Он укусил меня в нос — один раз и сильно. Волки так наказывают своих малышей — или непокоренных членов стаи. Потом наклонил голову, так что она легла на мою, и вздохнул.
— Ты не виновата, — сказал он. — Но я все равно сердит… зол, как черт, потому что ты очень меня напугала. Проклятие, Мерси, кто бы мог подумать, что два человека могут наделать столько бед? Если бы ты мне позвонила, я не стал бы возражать против того, чтобы ты пошла, — хотя бы потому, что не считал это опасным. Я бы не послал с тобой охрану из-за того, что ты просто пошла поговорить с человеком. — Он прижался лицом к моей шее и рассмеялся. — Ты пахнешь моим кремом после бритья.
Сильными руками он прижал меня к себе и тихо сказал:
— Честно предупреждаю: вчера вечером ты определила свою участь. Поняв, что в беде, пришла ко мне. Ты сделала это дважды, Мерси, а два раза — это все равно что объявление. Теперь ты моя.
Его руки, кругами двигавшиеся по моей шерсти, остановились и ухватились крепче.
— Бен говорит, что ты можешь убежать. Если ты это сделаешь, я найду тебя и верну. Всякий раз, как будешь убегать. Я не принуждаю тебя, но… Я не уйду сам и не позволю уйти тебе. Раз ты смогла побороть этот проклятый волшебный напиток, ты, если действительно захочешь, вполне справишься с теми преимуществами, которые дает мне положение Альфы. Больше никаких уверток, Мерси. Ты моя, и я тебя держу.
Мою независимую натуру, которая вскоре воспрянет, несомненно, возмутит эта агрессивная, собственническая, средневековая концепция. Но…
Пожелание Тима «всегда оставайся одна» поразило меня особенно сильно… ведь это было нечто уже знакомое. Койот, выросший среди волков, лучше всех понимает, что значит «ничей». Я была чужой и для своей человеческой семьи, хотя любила ее.
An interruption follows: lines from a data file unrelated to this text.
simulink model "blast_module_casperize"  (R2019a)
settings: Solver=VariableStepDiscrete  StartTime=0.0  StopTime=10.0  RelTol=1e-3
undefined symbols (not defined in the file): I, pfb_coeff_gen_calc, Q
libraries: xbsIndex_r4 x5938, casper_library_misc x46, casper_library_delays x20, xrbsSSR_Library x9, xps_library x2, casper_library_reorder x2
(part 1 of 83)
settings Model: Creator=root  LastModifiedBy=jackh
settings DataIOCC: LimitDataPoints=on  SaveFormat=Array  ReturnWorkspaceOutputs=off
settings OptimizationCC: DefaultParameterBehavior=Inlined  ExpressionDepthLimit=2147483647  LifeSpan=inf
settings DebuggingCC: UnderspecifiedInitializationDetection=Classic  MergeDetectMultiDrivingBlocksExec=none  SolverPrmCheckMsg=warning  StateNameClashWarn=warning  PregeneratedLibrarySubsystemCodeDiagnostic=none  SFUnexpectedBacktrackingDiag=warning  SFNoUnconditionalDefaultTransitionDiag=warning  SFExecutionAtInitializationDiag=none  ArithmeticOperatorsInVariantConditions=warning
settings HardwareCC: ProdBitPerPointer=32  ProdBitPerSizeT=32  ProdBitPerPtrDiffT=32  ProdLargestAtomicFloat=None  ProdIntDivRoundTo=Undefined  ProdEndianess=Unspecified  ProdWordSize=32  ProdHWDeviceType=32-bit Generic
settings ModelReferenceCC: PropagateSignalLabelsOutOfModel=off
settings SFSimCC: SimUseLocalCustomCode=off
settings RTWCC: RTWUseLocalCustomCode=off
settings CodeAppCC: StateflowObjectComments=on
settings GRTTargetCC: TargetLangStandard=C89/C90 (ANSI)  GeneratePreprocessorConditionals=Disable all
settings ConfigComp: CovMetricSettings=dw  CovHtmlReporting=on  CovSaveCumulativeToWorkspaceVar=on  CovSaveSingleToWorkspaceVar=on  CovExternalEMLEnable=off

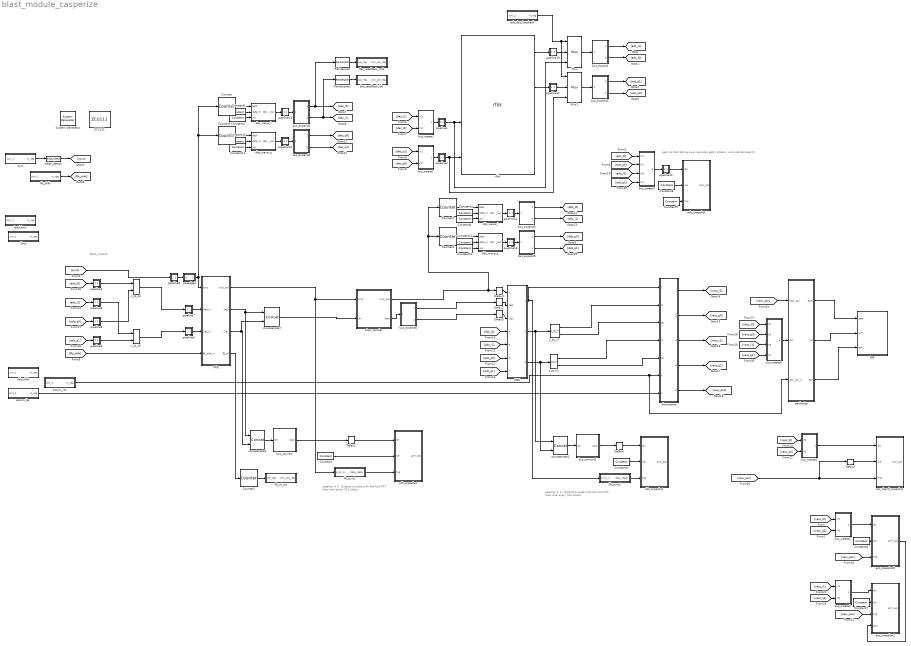
== system blast_module_casperize ==
  note: pack so that taking even samples gets I stream, and odd samples Q
  note: blast_module
  note: Latency = 2. Outputs a pulse with the first FFT,
      | then one every 512 clocks
  note: Latency = 2. Outputs a pulse with the first FFT,
      | then one every 512 clocks
  " System Generator" : xbsIndex_r4/ System Generator  Tag=genX  xilinxfamily=zynquplusRFSOC  part=xczu28dr  speed=-2-e  package=ffvg1517  synthesis_tool=XST  clock_wrapper=Clock Enables  directory=/home/jackh/src/umanc/souk/blast_module_casperize/sysgen  proj_type=Vivado  Synth_file=Vivado Synthesis Defaults  Impl_file=Vivado Implementation Defaults  testbench=off  simulink_period=1  sysclk_period=4.069  dcm_input_clock_period=10  incr_netlist=off  trim_vbits=Everywhere in SubSystem  dbl_ovrd=According to Block Masks  core_generation=According to Block Masks  run_coregen=off  deprecated_control=off  eval_field=0  block_type=sysgen
  Constant{,5..9} (6 alike) : xbsIndex_r4/Constant  const=1.0  gui_display_data_type=Boolean  arith_type=Boolean  n_bits=16  bin_pt=14  preci_type=Single  exp_width=8  frac_width=24  explicit_period=on  period=1  equ=P=C  opselect=C  inp2=PCIN>>17  opr=+  inp1=P  carry=CIN  dbl_ovrd=off  block_type=constant
  Constant{1,3,10,12} (4 alike) : xbsIndex_r4/Constant  const=0  gui_display_data_type=Fixed-point  arith_type=Unsigned  n_bits=32  bin_pt=0  preci_type=Single  exp_width=8  frac_width=24  explicit_period=on  period=1  equ=P=C  opselect=C  inp2=PCIN>>17  opr=+  inp1=P  carry=CIN  dbl_ovrd=off  block_type=constant
  Constant{2,4,11,13} (4 alike) : xbsIndex_r4/Constant  const=0  gui_display_data_type=Boolean  arith_type=Boolean  n_bits=64  bin_pt=0  preci_type=Single  exp_width=8  frac_width=24  explicit_period=on  period=1  equ=P=C  opselect=C  inp2=PCIN>>17  opr=+  inp1=P  carry=CIN  dbl_ovrd=off  block_type=constant
  Counter{,1,3..4} (4 alike) : xbsIndex_r4/Counter  cnt_type=Free Running  cnt_to=Inf  operation=Up  start_count=0  cnt_by_val=1  arith_type=Unsigned  n_bits=17  bin_pt=0  load_pin=off  rst=on  en=off  explicit_period=on  period=1  use_behavioral_HDL=off  implementation=Fabric  dbl_ovrd=off  block_type=counter
  Counter2 : xbsIndex_r4/Counter  cnt_type=Free Running  cnt_to=Inf  operation=Up  start_count=0  cnt_by_val=1  arith_type=Unsigned  n_bits=32  bin_pt=0  load_pin=off  rst=off  en=on  explicit_period=on  period=1  use_behavioral_HDL=off  implementation=Fabric  dbl_ovrd=off  block_type=counter
  DDC : Subsystem
  Delay{1..5} (5 alike) : xbsIndex_r4/Delay  rst=off  infoeditControl=Selection of Reset will increase slice count due to use of real FFs and instead of SRLs  en=off  latency=2  reg_retiming=off  dbl_ovrd=off  block_type=delay
      settings: SourceProductName=Attempt to write the readonly database /home/ugrad/.matlab/R2018a/slblocks_master.db. (attempt to write a readonly database)  xl_area=[18 36 0 0 0 0 0]
  Delay9 : xbsIndex_r4/Delay  rst=off  infoeditControl=Selection of Reset will increase slice count due to use of real FFs and instead of SRLs  en=off  latency=1  reg_retiming=off  dbl_ovrd=off  block_type=delay
      settings: SourceProductName=Attempt to write the readonly database /home/ugrad/.matlab/R2018a/slblocks_master.db. (attempt to write a readonly database)  xl_area=[18 36 0 0 0 0 0]
  Mux : xbsIndex_r4/Mux  inputs=2  en=off  latency=1  precision=Full  arith_type=Unsigned  n_bits=16  bin_pt=14  quantization=Truncate  overflow=Wrap  dbl_ovrd=off  block_type=mux
  Mux1 : xbsIndex_r4/Mux  inputs=2  en=off  latency=1  precision=Full  arith_type=Unsigned  n_bits=16  bin_pt=14  quantization=Truncate  overflow=Wrap  dbl_ovrd=off  block_type=mux
  PFB : Subsystem
  Reinterpret : xbsIndex_r4/Reinterpret  force_arith_type=on  arith_type=Unsigned  force_bin_pt=on  bin_pt=0  block_type=reinterpret
  Reinterpret1 : xbsIndex_r4/Reinterpret  force_arith_type=on  arith_type=Unsigned  force_bin_pt=on  bin_pt=0  block_type=reinterpret
  ZCU111 : xps_library/Platforms/ZCU111  Tag=xps:xsg  hw_sys=ZCU111:xczu28dr  clk_src=adc_clk  clk_rate=245.76  pl_clk_rate=122.88  sample_period=1  synthesis_tool=XST
      settings: SourceProductName=CASPER XPS Blockset
  acc_chan0_snapshot : Subsystem  Tag=casper:snapshot  AncestorBlock=casper_library_scopes/snapshot  mask(snapshot){storage=bram, dram_dimm=2, dram_clock=250, nsamples=13, data_width=64, offset=off, circap=off, value=off, ext_arm=off, ext_circ=off, provide_outputs=on, use_dsp48=off}
      mask prompts: storage "Storage medium"; dram_dimm "DRAM dimm"; dram_clock "DRAM clock rate"; nsamples "Number of Samples (2^?)"; data_width "Data width"; offset "Start delay support"; circap "Circular capture support"; value "Extra value capture support"; ext_arm "External arm support"; ext_circ "External circular capture support"; provide_outputs "Provide outputs"; use_dsp48 "Use DSP48s to implement counters"
      mask help:
      | Standard snap block, but with the following optional extras;
      |  1) Optionally delay the fabric trigger by a user-specified number of valids.
      |  2) Capture continuously after a trigger until a stop pulse is received. Data is captured into BRAM continuously, with old data being overwritten until a stop command is received. Then stop capturing when memory is filled. This enables you to get some data before and some data after the stop pulse. Use the 'tr_en_cnt' register to determine where you are in your vector. 'Addr' register's MSb now indicates 'busy capturing'.
      |  3) Optionally capture a value on an input port to a register at the same time as the first data sample.
      |  4) Implement counters using DSP48Es to save resources.
      mask init:
      | snapshot_init(gcb, ...
      |     'storage', storage, ...
      |     'dram_dimm', dram_dimm, ...
      |     'dram_clock', dram_clock, ...
      |     'nsamples', nsamples, ...
      |     'data_width', data_width, ...
      |     'offset', offset, ...
      |     'circap', circap, ...
      |     'value', value, ...
      |     'ext_arm', ext_arm, ...
      |     'ext_circ', ext_circ, ...
      |     'provide_outputs', 'off', ...
      |     'use_dsp48', use_dsp48);
      settings: AttributesFormatString=|
      | 64 wide, 8192 deep
      | debugID: 9255584
      mask TypeOptions storage: bram | dram
      mask Callback storage: snapshot_callback();
      mask TypeOptions dram_dimm: 1 | 2 | 3 | 4
      mask TypeOptions dram_clock: 200 | 250 | 266 | 300 | 333
      mask TypeOptions data_width: 8 | 16 | 32 | 64 | 128
  acc_snapshot0 : Subsystem  Tag=casper:snapshot  AncestorBlock=casper_library_scopes/snapshot  mask(snapshot){storage=bram, dram_dimm=2, dram_clock=250, nsamples=10, data_width=64, offset=off, circap=off, value=off, ext_arm=off, ext_circ=off, provide_outputs=on, use_dsp48=off}
      mask prompts: storage "Storage medium"; dram_dimm "DRAM dimm"; dram_clock "DRAM clock rate"; nsamples "Number of Samples (2^?)"; data_width "Data width"; offset "Start delay support"; circap "Circular capture support"; value "Extra value capture support"; ext_arm "External arm support"; ext_circ "External circular capture support"; provide_outputs "Provide outputs"; use_dsp48 "Use DSP48s to implement counters"
      mask help:
      | Standard snap block, but with the following optional extras;
      |  1) Optionally delay the fabric trigger by a user-specified number of valids.
      |  2) Capture continuously after a trigger until a stop pulse is received. Data is captured into BRAM continuously, with old data being overwritten until a stop command is received. Then stop capturing when memory is filled. This enables you to get some data before and some data after the stop pulse. Use the 'tr_en_cnt' register to determine where you are in your vector. 'Addr' register's MSb now indicates 'busy capturing'.
      |  3) Optionally capture a value on an input port to a register at the same time as the first data sample.
      |  4) Implement counters using DSP48Es to save resources.
      mask init: same as blast_module_casperize/acc_chan0_snapshot
      settings: AttributesFormatString=|
      | 64 wide, 1024 deep
      | debugID: 50070968
      mask TypeOptions storage: bram | dram
      mask Callback storage: snapshot_callback();
      mask TypeOptions dram_dimm: 1 | 2 | 3 | 4
      mask TypeOptions dram_clock: 200 | 250 | 266 | 300 | 333
      mask TypeOptions data_width: 8 | 16 | 32 | 64 | 128
  acc_snapshot1 : Subsystem  Tag=casper:snapshot  AncestorBlock=casper_library_scopes/snapshot  mask(snapshot){storage=bram, dram_dimm=2, dram_clock=250, nsamples=10, data_width=64, offset=off, circap=off, value=off, ext_arm=on, ext_circ=off, provide_outputs=on, use_dsp48=off}
      mask prompts: storage "Storage medium"; dram_dimm "DRAM dimm"; dram_clock "DRAM clock rate"; nsamples "Number of Samples (2^?)"; data_width "Data width"; offset "Start delay support"; circap "Circular capture support"; value "Extra value capture support"; ext_arm "External arm support"; ext_circ "External circular capture support"; provide_outputs "Provide outputs"; use_dsp48 "Use DSP48s to implement counters"
      mask help:
      | Standard snap block, but with the following optional extras;
      |  1) Optionally delay the fabric trigger by a user-specified number of valids.
      |  2) Capture continuously after a trigger until a stop pulse is received. Data is captured into BRAM continuously, with old data being overwritten until a stop command is received. Then stop capturing when memory is filled. This enables you to get some data before and some data after the stop pulse. Use the 'tr_en_cnt' register to determine where you are in your vector. 'Addr' register's MSb now indicates 'busy capturing'.
      |  3) Optionally capture a value on an input port to a register at the same time as the first data sample.
      |  4) Implement counters using DSP48Es to save resources.
      mask init: same as blast_module_casperize/acc_chan0_snapshot
      settings: AttributesFormatString=|
      | 64 wide, 1024 deep
      | debugID: 50070969
      mask TypeOptions storage: bram | dram
      mask Callback storage: snapshot_callback();
      mask TypeOptions dram_dimm: 1 | 2 | 3 | 4
      mask TypeOptions dram_clock: 200 | 250 | 266 | 300 | 333
      mask TypeOptions data_width: 8 | 16 | 32 | 64 | 128
  accum_len : Subsystem  Tag=xps:sw_reg  AncestorBlock=xps_library/Memory/software_register  mask(swreg){io_dir=From Processor, io_delay=0, init_val=0, sample_period=1, names=reg, bitwidths=24, bin_pts=0, arith_types=0, sim_port=on, show_format=on}
      mask prompts: io_dir "I/O direction"; io_delay "I/O delay"; init_val "Initial Value"; sample_period "Sample period"; names "Bitfield names [msb...lsb]"; bitwidths "Bitfield widths"; bin_pts "Bitfield binary pts"; arith_types "Bitfield types, ufix=0, fix=1, bool=2"; sim_port "Provide sim input/output?"; show_format "Print format string?"
      mask help: A 32-bit software-accessible register. Can be divided into bitfields of varying widths and types using the fields in the block mask.
      mask init:
      | swreg_init(gcb)
      settings: AttributesFormatString=1input:uf24.0 = 24 bits
      mask TypeOptions io_dir: To Processor | From Processor
      mask Callback io_dir:
      | mask_enables = get_param(gcb, 'MaskEnables');
      | mask_names = get_param(gcb, 'MaskNames');
      | if strcmp(get_param(gcb, 'io_dir'), 'To Processor'),
      |     mask_enables{ismember(mask_names, 'sample_period')} = 'off';
      | else
      |     mask_enables{ismember(mask_names, 'sample_period')} = 'on';
      | end
      | set_param(gcb, 'MaskEnables', mask_enables);
      mask DialogControl ParameterTabVar0 Prompt: Setup
  accum_rst : Subsystem  Tag=xps:sw_reg  AncestorBlock=xps_library/Memory/software_register  mask(swreg){io_dir=From Processor, io_delay=0, init_val=0, sample_period=1, names=reg, bitwidths=1, bin_pts=0, arith_types=2, sim_port=on, show_format=on}
      mask prompts: io_dir "I/O direction"; io_delay "I/O delay"; init_val "Initial Value"; sample_period "Sample period"; names "Bitfield names [msb...lsb]"; bitwidths "Bitfield widths"; bin_pts "Bitfield binary pts"; arith_types "Bitfield types, ufix=0, fix=1, bool=2"; sim_port "Provide sim input/output?"; show_format "Print format string?"
      mask help: A 32-bit software-accessible register. Can be divided into bitfields of varying widths and types using the fields in the block mask.
      mask init:
      | swreg_init(gcb)
      settings: AttributesFormatString=1input:b = 1 bits
      mask TypeOptions io_dir: To Processor | From Processor
      mask Callback io_dir:
      | mask_enables = get_param(gcb, 'MaskEnables');
      | mask_names = get_param(gcb, 'MaskNames');
      | if strcmp(get_param(gcb, 'io_dir'), 'To Processor'),
      |     mask_enables{ismember(mask_names, 'sample_period')} = 'off';
      | else
      |     mask_enables{ismember(mask_names, 'sample_period')} = 'on';
      | end
      | set_param(gcb, 'MaskEnables', mask_enables);
      mask DialogControl ParameterTabVar0 Prompt: Setup
  adc_dac_loopback : Subsystem  Tag=xps:sw_reg  AncestorBlock=xps_library/Memory/software_register  mask(swreg){io_dir=From Processor, io_delay=0, init_val=0, sample_period=1, names=reg, bitwidths=1, bin_pts=0, arith_types=0, sim_port=on, show_format=on}
      mask prompts: io_dir "I/O direction"; io_delay "I/O delay"; init_val "Initial Value"; sample_period "Sample period"; names "Bitfield names [msb...lsb]"; bitwidths "Bitfield widths"; bin_pts "Bitfield binary pts"; arith_types "Bitfield types, ufix=0, fix=1, bool=2"; sim_port "Provide sim input/output?"; show_format "Print format string?"
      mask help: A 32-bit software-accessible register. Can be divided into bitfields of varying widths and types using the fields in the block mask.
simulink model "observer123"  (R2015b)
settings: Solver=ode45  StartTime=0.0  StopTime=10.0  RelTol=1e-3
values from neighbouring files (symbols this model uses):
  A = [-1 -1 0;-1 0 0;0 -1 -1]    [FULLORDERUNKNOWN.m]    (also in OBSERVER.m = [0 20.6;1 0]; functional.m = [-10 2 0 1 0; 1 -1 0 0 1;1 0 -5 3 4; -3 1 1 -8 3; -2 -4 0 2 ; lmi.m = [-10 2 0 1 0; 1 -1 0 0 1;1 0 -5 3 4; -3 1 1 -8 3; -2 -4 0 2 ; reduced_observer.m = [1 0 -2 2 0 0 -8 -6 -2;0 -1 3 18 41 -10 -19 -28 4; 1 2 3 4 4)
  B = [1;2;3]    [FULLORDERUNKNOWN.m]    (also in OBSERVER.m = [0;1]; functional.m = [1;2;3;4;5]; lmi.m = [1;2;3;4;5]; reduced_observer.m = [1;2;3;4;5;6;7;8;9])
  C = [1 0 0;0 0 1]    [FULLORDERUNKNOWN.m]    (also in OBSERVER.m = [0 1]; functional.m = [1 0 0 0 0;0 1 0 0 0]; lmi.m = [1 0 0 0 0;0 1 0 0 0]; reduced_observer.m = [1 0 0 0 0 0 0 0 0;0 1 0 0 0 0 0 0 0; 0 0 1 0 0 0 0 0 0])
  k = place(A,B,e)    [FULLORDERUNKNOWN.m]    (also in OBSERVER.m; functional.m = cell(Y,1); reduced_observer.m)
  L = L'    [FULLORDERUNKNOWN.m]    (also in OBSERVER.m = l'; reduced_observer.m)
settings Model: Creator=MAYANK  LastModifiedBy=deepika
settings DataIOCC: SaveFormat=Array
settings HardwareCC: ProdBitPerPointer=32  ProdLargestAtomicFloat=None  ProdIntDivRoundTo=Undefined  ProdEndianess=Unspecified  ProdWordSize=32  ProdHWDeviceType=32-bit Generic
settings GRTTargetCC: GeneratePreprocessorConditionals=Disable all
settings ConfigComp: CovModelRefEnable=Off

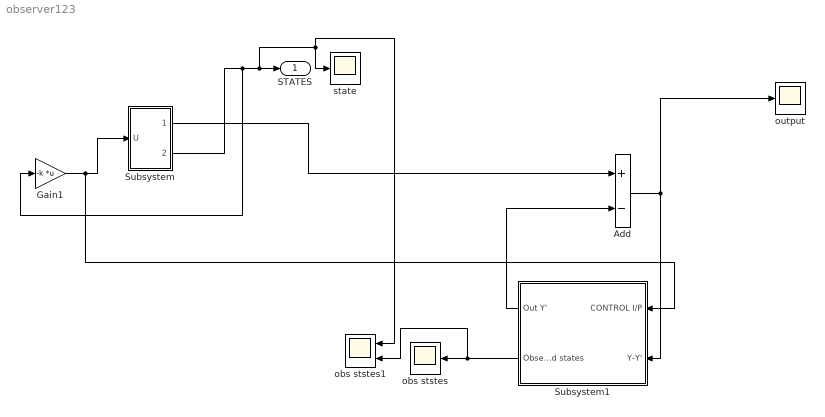
== system observer123 ==
  Add : Sum  Inputs=+-
  Gain1 : Gain  Gain=-k  Multiplication=Matrix(K*u)
  Subsystem : Subsystem
  Subsystem1 : Subsystem
  obs ststes : Scope
  obs ststes1 : Scope  NumInputPorts=2
  output : Scope
  state : Scope
  STATES : Outport
  wires:
  Subsystem/1(OUTPUT) -> Add/1
  Subsystem1/1(Out Y') -> Add/2
  Add/1 -> Subsystem1/2(Y-Y'), output/1
  Gain1/1 -> Subsystem1/1(CONTROL I/P), Subsystem/1(U)
  Subsystem1/2(Observed states) -> obs ststes1/2, obs ststes/1
  Subsystem/2(STATES) -> Gain1/1, state/1, obs ststes1/1, STATES/1

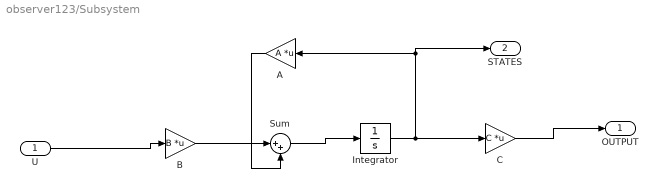
== system observer123/Subsystem ==
  U : Inport
  A : Gain  Gain=A  Multiplication=Matrix(K*u)
  B : Gain  Gain=B  Multiplication=Matrix(K*u)
  C : Gain  Gain=C  Multiplication=Matrix(K*u)
  Integrator : Integrator  InitialCondition=[1;1]
  Sum : Sum  Inputs=|++
  OUTPUT : Outport
  STATES : Outport  Port=2
  wires:
  B/1 -> Sum/1
  U/1 -> B/1
  Sum/1 -> Integrator/1
  Integrator/1 -> C/1, STATES/1, A/1
  A/1 -> Sum/2
  C/1 -> OUTPUT/1

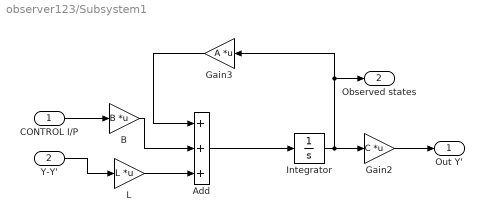
== system observer123/Subsystem1 ==
  CONTROL I/P : Inport
  Y-Y' : Inport  Port=2
  Add : Sum  Inputs=+++
  B : Gain  Gain=B  Multiplication=Matrix(K*u)
  Gain2 : Gain  Gain=C  Multiplication=Matrix(K*u)
  Gain3 : Gain  Gain=A  Multiplication=Matrix(K*u)
  Integrator : Integrator  InitialCondition=[1;1]
  L : Gain  Gain=L  Multiplication=Matrix(K*u)
  Out Y' : Outport
  Observed states : Outport  Port=2
  wires:
  B/1 -> Add/2
  CONTROL I/P/1 -> B/1
  Y-Y'/1 -> L/1
  Gain3/1 -> Add/1
  Gain2/1 -> Out Y'/1
  Integrator/1 -> Gain2/1, Observed states/1, Gain3/1
  Add/1 -> Integrator/1
  L/1 -> Add/3

Под грузом откровенного собственничества, окрасившего слова Адама и отозвавшегося во всем моем теле, мой мир слетел с оси.
Постепенно Адам уснул, свернувшись вокруг меня, словно он был в обличье волка, но напряжение с лица не исчезло и делало его старше — словно ему лет тридцать, например. Вжимаясь в Адама, я смотрела, как светлеет небо и начинается новый день.
Где-то в доме зазвонил телефон.
Адам тоже услышал. Открылась дверь комнаты Джесси, девочка сбежала по лестнице и взяла трубку.
Она была внизу на кухне, поэтому я не различала слов, но ее тон из просто вежливого стал очень почтительным.
Адам встал, подхватив меня на руки, потом положил на кровать.